#### EXERCISE DETAILS:
Below are several entries. Transcribe exactly those lines that fall from the one with "from ezdxf.math import Vec2, Vec3" through the one with "doc.linetypes.add('HIDDEN2', pattern=[0.1875, 0.125, -0.0625])", end lines included.

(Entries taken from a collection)
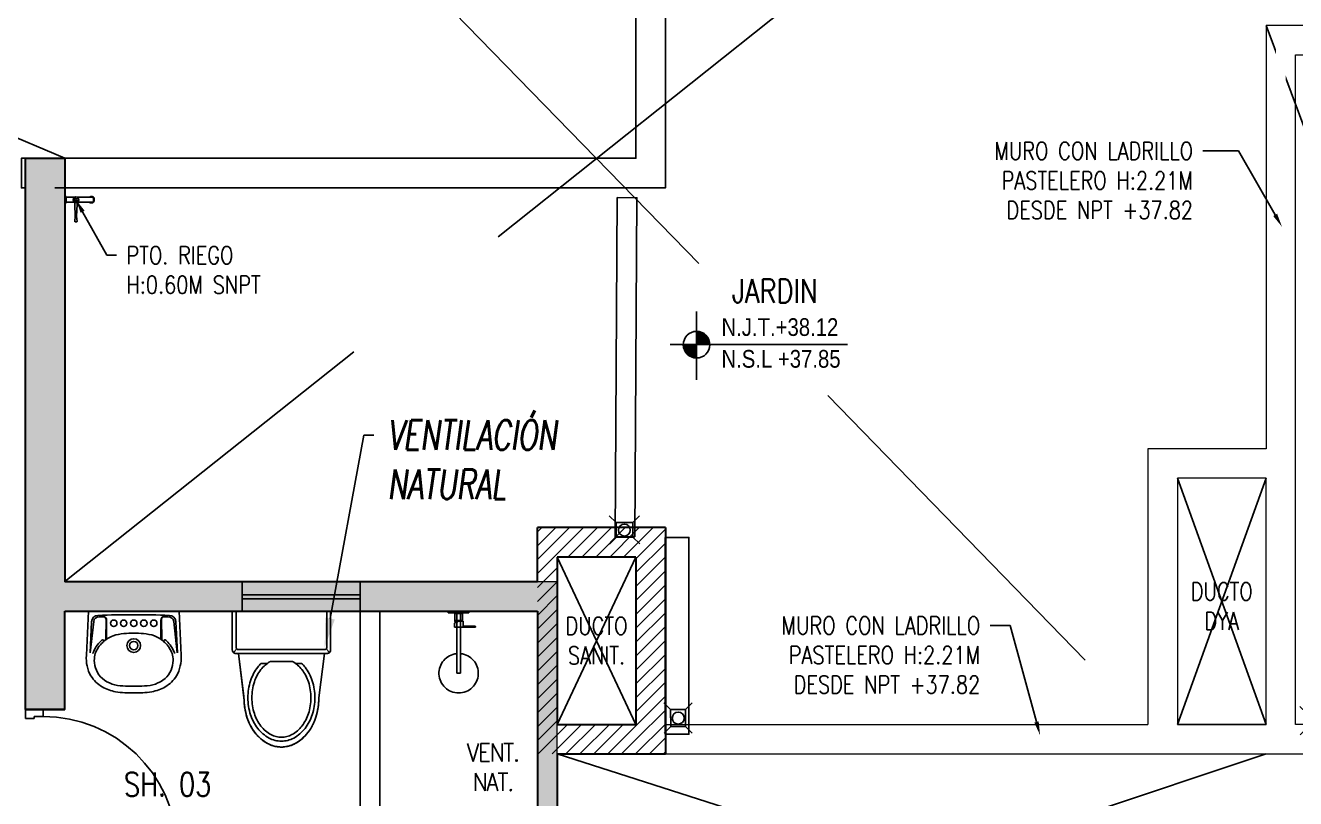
# Model space of a CAD drawing. Header units: millimetres. Extents: x 98 to 155, y -181 to 127.
# Drawn here: x 118.24 to 124.69, y -121.22 to -117.3 of the extents above; entities that cross this region are included whole.
import ezdxf
from ezdxf import colors
from ezdxf.entities.mleader import LeaderData, LeaderLine
from ezdxf.enums import TextEntityAlignment as Align
from ezdxf.math import Vec2, Vec3

# ---------------------------------------------------------------- set-up
doc = ezdxf.new("R2010")
doc.units = ezdxf.units.MM
doc.header["$LTSCALE"] = 15
doc.set_wipeout_variables(frame=1)
doc.linetypes.add('HIDDEN2', pattern=[0.1875, 0.125, -0.0625])
doc.layers.get('0').update_dxf_attribs({"color": 250})
for name, color, linetype in [('A-BARANDAS', 250, 'Continuous'), ('A-EST VIGAS', 250, 'HIDDEN2'), ('A-LINEAS', 250, 'Continuous'), ('A-MOBILIARIO', 250, 'Continuous'), ('A-MURO BAJO', 250, 'Continuous'), ('A-NIVELES-NPT', 252, 'Continuous'), ('A-PROYECCIONES INT.', 250, 'HIDDEN2'), ('A-SANITARIOS', 250, 'Continuous'), ('A_30_DispositivosSanit', 250, 'Continuous'), ('A_30_Sanitarios', 250, 'Continuous'), ('A_50_TextoAmbiente', 252, 'Continuous'), ('A_50_TextoIndicaciones', 250, 'Continuous'), ('A_60_HatchEstructuras', 250, 'Continuous'), ('DLP_MOBILIARIO FIJO', 250, 'Continuous'), ('L6 Linea fina', 141, 'Continuous'), ('MURO CF 60', 250, 'Continuous')]:
    doc.layers.add(name, color=color, linetype=linetype)
for name, color, linetype, lineweight in [('A-MURO ALTO', 250, 'Continuous', 20), ('A-MUROS', 252, 'Continuous', 30), ('A_20_Estructuras', 250, 'Continuous', 18)]:
    doc.layers.add(name, color=color, linetype=linetype, lineweight=lineweight)
doc.styles.add('JNV ING', font='romans.shx', dxfattribs={"width": 0.7, "oblique": 8, "height": 0.15})
doc.styles.add('R80', font='ARIALN.TTF', dxfattribs={"height": 2.03})
doc.styles.add('ROMANS', font='romans.shx', dxfattribs={"width": 0.8})
doc.styles.add('TXT_COTAS', font='romans.shx', dxfattribs={"width": 0.8})
doc.linetypes.add('FENCELINE1', pattern='A,6.35,-2.54,[133,ltypeshp.shx,S=2.54,R=0,X=-2.54,Y=0],-2.54,25.4', length=36.83)
pattern_1 = [(45, (128.67208, -47.197194), (-0.03535534, 0.03535534), [])]

# ---------------------------------------------------------------- blocks, each defined once
blk = doc.blocks.new('EF-AZ')
at = {"layer": 'A_60_HatchEstructuras'}
h = blk.add_hatch(color=256, dxfattribs=at)
h.dxf.hatch_style = 1
h.paths.add_polyline_path([(3.35, 1.05), (1.75, 1.05), (1.75, 0.85), (3.35, 0.85)])
h.paths.add_polyline_path([(7.35, -2.55), (0.15, -2.55), (0.15, -0.15), (1.9, -0.15), (1.9, 0), (0, 0), (0, -5.25), (1.9, -5.25), (1.9, -5.1), (0.15, -5.1), (0.15, -2.7), (7.35, -2.7)])
h.paths.add_polyline_path([(3.35, -6.1), (1.75, -6.1), (1.75, -6.3), (3.35, -6.3)])
h.paths.add_polyline_path([(7.55, 1.0001), (7.4, 1.0001), (7.4, -1), (5.75, -1), (5.75, -1.6491), (5.9001, -1.6491), (5.9001, -1.15), (7.4, -1.15), (7.4, -4.1), (5.9001, -4.1), (5.9001, -3.6009), (5.75, -3.6009), (5.75, -4.25), (7.4, -4.25), (7.4, -6.2501), (7.55, -6.2501)])
h.paths.add_polyline_path([(16.35, -1.15), (13.85, -1.15), (13.85, 1.0001), (13.65, 1.0001), (13.65, -1.8), (13.85, -1.8), (13.85, -1.3), (16.25, -1.3), (16.25, -2.55), (7.6, -2.55), (7.6, -2.7), (16.25, -2.7), (16.25, -3.95), (13.85, -3.95), (13.85, -3.45), (13.65, -3.45), (13.65, -6.2501), (13.85, -6.2501), (13.85, -4.1), (16.35, -4.1)])
at = {"layer": 'A_20_Estructuras'}
blk.add_lwpolyline([(16.35, -1.15), (13.85, -1.15), (13.85, 1.0001), (13.65, 1.0001), (13.65, -1.8), (13.85, -1.8), (13.85, -1.3), (16.25, -1.3), (16.25, -2.55), (7.6, -2.55), (7.6, -2.7), (16.25, -2.7), (16.25, -3.95), (13.85, -3.95), (13.85, -3.45), (13.65, -3.45), (13.65, -6.2501), (13.85, -6.2501), (13.85, -4.1), (16.35, -4.1)], close=True, dxfattribs=at)
blk = doc.blocks.new('Grifo_Jardin_Planta')
for points in [[(-0.016, 0.1319), (-0.016, 0.1386, -0.414214), (-0.006, 0.1486), (0.006, 0.1486, -0.414214), (0.016, 0.1386), (0.016, 0.1352)], [(-0.016, 0.1352), (-0.016, 0.1319, 0.221072), (-0.0125, 0.1242, 0.221072)], [(-0.0125, 0.1242), (-0.0125, 0.1386, -0.414214), (-0.006, 0.145), (0.006, 0.145, -0.414214), (0.0125, 0.1386), (0.0125, 0.1242)], [(0.0125, 0.1239, 0.197148), (0.016, 0.1319), (0.016, 0.1352)], [(0.013, 0.0504), (0.0144, 0.0504, -0.041781), (0.0146, 0.0504), (0.0237, 0.0504), (0.0837, 0.0528), (0.1102, 0.0504, 0.414214), (0.1121, 0.0524), (0.1121, 0.0602, 0.414214), (0.1102, 0.0621), (0.0837, 0.0598), (0.0237, 0.0621), (0.0146, 0.0621, -0.056016), (0.0143, 0.0622), (0.0129, 0.0622)]]:
    blk.add_lwpolyline(points, format="xyb")
for points in [[(-0.0125, 0.1242), (-0.0125, 0.063)], [(0.0125, 0.063), (0.0125, 0.1239)], [(-0.0125, 0.0493), (-0.0125, 0.0067)], [(0.0125, 0.0067), (0.0125, 0.0493)]]:
    blk.add_lwpolyline(points)
blk.add_lwpolyline([(-0.016, 0.0067), (0.016, 0.0067), (0.016, 0), (-0.016, 0)], close=True)
for radius in [0.0143, 0.00672, 0.00563]:
    blk.add_circle((0, 0.0562), radius)
blk = doc.blocks.new('TEXTO DUCTOS PT')
at = {"layer": 'A_50_TextoIndicaciones', "char_height": 0.09, "width": 0.4157, "attachment_point": 5, "style": 'ROMANS'}
for s, insert in [('\\pxsm1,t16;DUCTO DYA', (21.325, -5.575, 0)), ('\\pxsm1,t16;DUCTO SANIT.', (18.15, -5.75, 0))]:
    blk.add_mtext(s, dxfattribs=dict(at, insert=insert))
blk = doc.blocks.new('SIM NIVEL PLANTA')
at = {"linetype": 'Continuous'}
h = blk.add_hatch(dxfattribs=at)
h.set_pattern_fill('_USER', color=256, scale=0.089997, angle=45, style=0, pattern_type=0)
h.set_pattern_definition([(45, (31854.49523, 23864.84028), (-0.06363728001, 0.06363728001), [])])
h.paths.add_polyline_path([(-17.33, 0), (-15.98, 0, 0.409209), (-17.33, 1.33)])
h.paths.add_polyline_path([(-18.68, 0, 0.004279), (-18.68, -0.02, 0.414214), (-17.33, -1.37), (-17.33, 0)])
for p, q in [((-17.33, -3.58), (-17.33, 3.34)), ((-2, 0), (-20, 0))]:
    blk.add_line(p, q)
blk.add_circle((-17.33, -0.02), 1.35, dxfattribs=at)
at = {"style": 'R80'}
blk.add_attdef('N.P.T.+0.00', text='', height=1.8, dxfattribs=at).set_placement((-8.87, 1.77), align=Align.MIDDLE_CENTER)
blk = doc.blocks.new('0-sumidero')
for p, q in [((-0.0421, 0.0382), (-0.0763, 0.0724)), ((0.0435, 0.0382), (0.0777, 0.0724)), ((0.0435, 0.0382), (-0.0421, 0.0382)), ((-0.0421, 0.0382), (-0.0421, -0.0369)), ((0.0435, -0.0369), (0.0435, 0.0382)), ((-0.0421, -0.0369), (-0.0763, -0.0711)), ((-0.0421, -0.0369), (0.0435, -0.0369)), ((0.0435, -0.0369), (0.0777, -0.0711))]:
    blk.add_line(p, q)
blk.add_circle((0, 0), 0.0303)
blk = doc.blocks.new('sum')
at = {"layer": 'A_30_DispositivosSanit', "rotation": 45.00000007321594}
blk.add_blockref('0-sumidero', (0, 0), dxfattribs=at)
blk = doc.blocks.new('SIFON JET_PLANTA')
for p, q in [((-0.215, 0.2181, 0), (-0.44, 0.19, 0)), ((-0.215, -0.23, 0), (-0.215, 0.23, 0)), ((-0.2091, 0.2441, 0), (-0.1921, 0.2271, 0)), ((-0.195, 0.25, 0), (0, 0.25, 0)), ((-0.195, -0.22, 0), (-0.195, 0.22, 0)), ((-0.185, 0.23, 0), (0, 0.23, 0)), ((0, 0.25, 0), (0, -0.25, 0)), ((-0.265, 0.0718, 0), (-0.265, 0.1028, 0)), ((-0.255, -0.0562, 0), (-0.255, 0.0562, 0)), ((-0.265, -0.1028, 0), (-0.265, -0.0718, 0)), ((-0.215, -0.2181, 0), (-0.44, -0.19, 0)), ((-0.2091, -0.2441, 0), (-0.1921, -0.2271, 0)), ((0, -0.25, 0), (-0.195, -0.25, 0)), ((0, -0.23, 0), (-0.185, -0.23, 0))]:
    blk.add_line(p, q)
at = {"extrusion": (-2.64698e-23, 6.61744e-24, -1)}
for p, q in [((-0.4322, 0.191, 0), (-0.215, 0.2181, 0)), ((-0.215, 0.2278, 0), (-0.2149, 0.2323, 0)), ((-0.215, 0.2234, 0), (-0.215, 0.2278, 0)), ((-0.215, 0.2181, 0), (-0.215, 0.2234, 0)), ((-0.2149, 0.2323, 0), (-0.2142, 0.2356, 0)), ((-0.2142, 0.2356, 0), (-0.2129, 0.239, 0)), ((-0.2129, 0.239, 0), (-0.211, 0.2419, 0)), ((-0.211, 0.2419, 0), (-0.2091, 0.2441, 0)), ((-0.2091, 0.2441, 0), (-0.2077, 0.2455, 0)), ((-0.2077, 0.2455, 0), (-0.2055, 0.247, 0)), ((-0.2055, 0.247, 0), (-0.2007, 0.2492, 0)), ((-0.2007, 0.2492, 0), (-0.195, 0.25, 0)), ((-0.195, 0.25, 0), (-0.195, 0.25, 0)), ((-0.195, 0.25, 0), (-0.1605, 0.25, 0)), ((-0.1605, 0.25, 0), (-0.0975, 0.25, 0)), ((-0.0975, 0.25, 0), (-0.0323, 0.25, 0)), ((-0.0323, 0.25, 0), (0, 0.25, 0)), ((0, 0.25, 0), (0, -0.25, 0)), ((-0.6251, 0.1276, 0), (-0.6206, 0.1314, 0)), ((-0.6206, 0.1314, 0), (-0.6168, 0.1344, 0)), ((-0.6168, 0.1344, 0), (-0.6106, 0.1389, 0)), ((-0.6106, 0.1389, 0), (-0.6061, 0.142, 0)), ((-0.6061, 0.142, 0), (-0.6, 0.1461, 0)), ((-0.6, 0.1461, 0), (-0.5963, 0.1484, 0)), ((-0.5963, 0.1484, 0), (-0.5908, 0.1517, 0)), ((-0.5908, 0.1517, 0), (-0.5862, 0.1543, 0)), ((-0.5862, 0.1543, 0), (-0.5794, 0.158, 0)), ((-0.5794, 0.158, 0), (-0.5693, 0.1629, 0)), ((-0.5693, 0.1629, 0), (-0.5517, 0.1703, 0)), ((-0.5517, 0.1703, 0), (-0.5465, 0.1722, 0)), ((-0.5465, 0.1722, 0), (-0.5385, 0.1749, 0)), ((-0.5385, 0.1749, 0), (-0.5346, 0.176, 0)), ((-0.5346, 0.176, 0), (-0.5265, 0.1784, 0)), ((-0.5265, 0.1784, 0), (-0.5216, 0.1797, 0)), ((-0.5216, 0.1797, 0), (-0.5148, 0.1813, 0)), ((-0.5148, 0.1813, 0), (-0.5079, 0.1829, 0)), ((-0.5079, 0.1829, 0), (-0.5016, 0.1842, 0)), ((-0.5016, 0.1842, 0), (-0.4865, 0.1867, 0)), ((-0.4865, 0.1867, 0), (-0.4763, 0.188, 0)), ((-0.4763, 0.188, 0), (-0.4726, 0.1884, 0)), ((-0.4726, 0.1884, 0), (-0.4636, 0.1892, 0)), ((-0.4636, 0.1892, 0), (-0.4549, 0.1897, 0)), ((-0.4549, 0.1897, 0), (-0.449, 0.1899, 0)), ((-0.449, 0.1899, 0), (-0.44, 0.19, 0)), ((-0.44, 0.19, 0), (-0.4322, 0.191, 0)), ((-0.6779, 0.0582, 0), (-0.6745, 0.0655, 0)), ((-0.6745, 0.0655, 0), (-0.6722, 0.0699, 0)), ((-0.6745, 0.0655, 0), (-0.6745, 0.0655, 0)), ((-0.6722, 0.0699, 0), (-0.6705, 0.0728, 0)), ((-0.6705, 0.0728, 0), (-0.669, 0.0755, 0)), ((-0.669, 0.0755, 0), (-0.6672, 0.0785, 0)), ((-0.6672, 0.0785, 0), (-0.665, 0.082, 0)), ((-0.665, 0.082, 0), (-0.6634, 0.0845, 0)), ((-0.6634, 0.0845, 0), (-0.6611, 0.088, 0)), ((-0.6611, 0.088, 0), (-0.657, 0.0936, 0)), ((-0.657, 0.0936, 0), (-0.6534, 0.0984, 0)), ((-0.657, 0.0936, 0), (-0.657, 0.0936, 0)), ((-0.6534, 0.0984, 0), (-0.6503, 0.1023, 0)), ((-0.6534, 0.0984, 0), (-0.6534, 0.0984, 0)), ((-0.6503, 0.1023, 0), (-0.6453, 0.108, 0)), ((-0.6453, 0.108, 0), (-0.6386, 0.1152, 0)), ((-0.6386, 0.1152, 0), (-0.6326, 0.121, 0)), ((-0.6326, 0.121, 0), (-0.6299, 0.1235, 0)), ((-0.6299, 0.1235, 0), (-0.6251, 0.1276, 0)), ((-0.69, 0, 0), (-0.6899, 0.0044, 0)), ((-0.6899, 0.0044, 0), (-0.6897, 0.0096, 0)), ((-0.6897, 0.0096, 0), (-0.6893, 0.014, 0)), ((-0.6893, 0.014, 0), (-0.6887, 0.0194, 0)), ((-0.6887, 0.0194, 0), (-0.6881, 0.0236, 0)), ((-0.6881, 0.0236, 0), (-0.6872, 0.0284, 0)), ((-0.6881, 0.0236, 0), (-0.6881, 0.0236, 0)), ((-0.6872, 0.0284, 0), (-0.6867, 0.031, 0)), ((-0.6867, 0.031, 0), (-0.6855, 0.0361, 0)), ((-0.6855, 0.0361, 0), (-0.6838, 0.0421, 0)), ((-0.6855, 0.0361, 0), (-0.6855, 0.0361, 0)), ((-0.6838, 0.0421, 0), (-0.6819, 0.048, 0)), ((-0.6838, 0.0421, 0), (-0.6838, 0.0421, 0)), ((-0.6819, 0.048, 0), (-0.6804, 0.0521, 0)), ((-0.6804, 0.0521, 0), (-0.6793, 0.0547, 0)), ((-0.6793, 0.0547, 0), (-0.6779, 0.0582, 0)), ((-0.6899, -0.0065, 0), (-0.69, 0, 0)), ((-0.6896, -0.0111, 0), (-0.6899, -0.0065, 0)), ((-0.6891, -0.0164, 0), (-0.6896, -0.0111, 0)), ((-0.6881, -0.0232, 0), (-0.6891, -0.0164, 0)), ((-0.6876, -0.0264, 0), (-0.6881, -0.0232, 0)), ((-0.687, -0.0296, 0), (-0.6876, -0.0264, 0)), ((-0.6864, -0.0321, 0), (-0.687, -0.0296, 0)), ((-0.6855, -0.0361, 0), (-0.6864, -0.0321, 0)), ((-0.6838, -0.0419, 0), (-0.6855, -0.0361, 0)), ((-0.6827, -0.0457, 0), (-0.6838, -0.0419, 0)), ((-0.6814, -0.0492, 0), (-0.6827, -0.0457, 0)), ((-0.6803, -0.0522, 0), (-0.6814, -0.0492, 0)), ((-0.6792, -0.0551, 0), (-0.6803, -0.0522, 0)), ((-0.6779, -0.0581, 0), (-0.6792, -0.0551, 0)), ((-0.677, -0.0602, 0), (-0.6779, -0.0581, 0)), ((-0.6751, -0.0642, 0), (-0.677, -0.0602, 0)), ((-0.6722, -0.0699, 0), (-0.6751, -0.0642, 0)), ((-0.6706, -0.0727, 0), (-0.6722, -0.0699, 0)), ((-0.6679, -0.0774, 0), (-0.6706, -0.0727, 0)), ((-0.6646, -0.0826, 0), (-0.6679, -0.0774, 0)), ((-0.6623, -0.0862, 0), (-0.6646, -0.0826, 0)), ((-0.6599, -0.0897, 0), (-0.6623, -0.0862, 0)), ((-0.6554, -0.0958, 0), (-0.6599, -0.0897, 0)), ((-0.6494, -0.1032, 0), (-0.6554, -0.0958, 0)), ((-0.6458, -0.1074, 0), (-0.6494, -0.1032, 0)), ((-0.64, -0.1137, 0), (-0.6458, -0.1074, 0)), ((-0.6379, -0.1158, 0), (-0.64, -0.1137, 0)), ((-0.6347, -0.119, 0), (-0.6379, -0.1158, 0)), ((-0.6335, -0.1201, 0), (-0.6347, -0.119, 0)), ((-0.6347, -0.119, 0), (-0.6347, -0.119, 0)), ((-0.6318, -0.1217, 0), (-0.6335, -0.1201, 0)), ((-0.6305, -0.123, 0), (-0.6318, -0.1217, 0)), ((-0.6318, -0.1217, 0), (-0.6318, -0.1217, 0)), ((-0.6288, -0.1244, 0), (-0.6305, -0.123, 0)), ((-0.6276, -0.1255, 0), (-0.6288, -0.1244, 0)), ((-0.6262, -0.1268, 0), (-0.6276, -0.1255, 0)), ((-0.6245, -0.1281, 0), (-0.6262, -0.1268, 0)), ((-0.6235, -0.1291, 0), (-0.6245, -0.1281, 0)), ((-0.6245, -0.1281, 0), (-0.6245, -0.1281, 0)), ((-0.6223, -0.13, 0), (-0.6235, -0.1291, 0)), ((-0.6215, -0.1307, 0), (-0.6223, -0.13, 0)), ((-0.6204, -0.1315, 0), (-0.6215, -0.1307, 0)), ((-0.6193, -0.1324, 0), (-0.6204, -0.1315, 0)), ((-0.6179, -0.1335, 0), (-0.6193, -0.1324, 0)), ((-0.6168, -0.1344, 0), (-0.6179, -0.1335, 0)), ((-0.6153, -0.1355, 0), (-0.6168, -0.1344, 0)), ((-0.6142, -0.1363, 0), (-0.6153, -0.1355, 0)), ((-0.612, -0.1379, 0), (-0.6142, -0.1363, 0)), ((-0.6086, -0.1403, 0), (-0.612, -0.1379, 0)), ((-0.607, -0.1415, 0), (-0.6086, -0.1403, 0)), ((-0.6058, -0.1422, 0), (-0.607, -0.1415, 0)), ((-0.6039, -0.1435, 0), (-0.6058, -0.1422, 0)), ((-0.602, -0.1448, 0), (-0.6039, -0.1435, 0)), ((-0.6004, -0.1458, 0), (-0.602, -0.1448, 0)), ((-0.5987, -0.1469, 0), (-0.6004, -0.1458, 0)), ((-0.5964, -0.1483, 0), (-0.5987, -0.1469, 0)), ((-0.595, -0.1492, 0), (-0.5964, -0.1483, 0)), ((-0.5936, -0.15, 0), (-0.595, -0.1492, 0)), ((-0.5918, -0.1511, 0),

#### TASK RESPONSE:
from ezdxf.math import Vec2, Vec3

# ---------------------------------------------------------------- set-up
doc = ezdxf.new("R2010")
doc.units = ezdxf.units.MM
doc.header["$LTSCALE"] = 15
doc.set_wipeout_variables(frame=1)
doc.linetypes.add('HIDDEN2', pattern=[0.1875, 0.125, -0.0625])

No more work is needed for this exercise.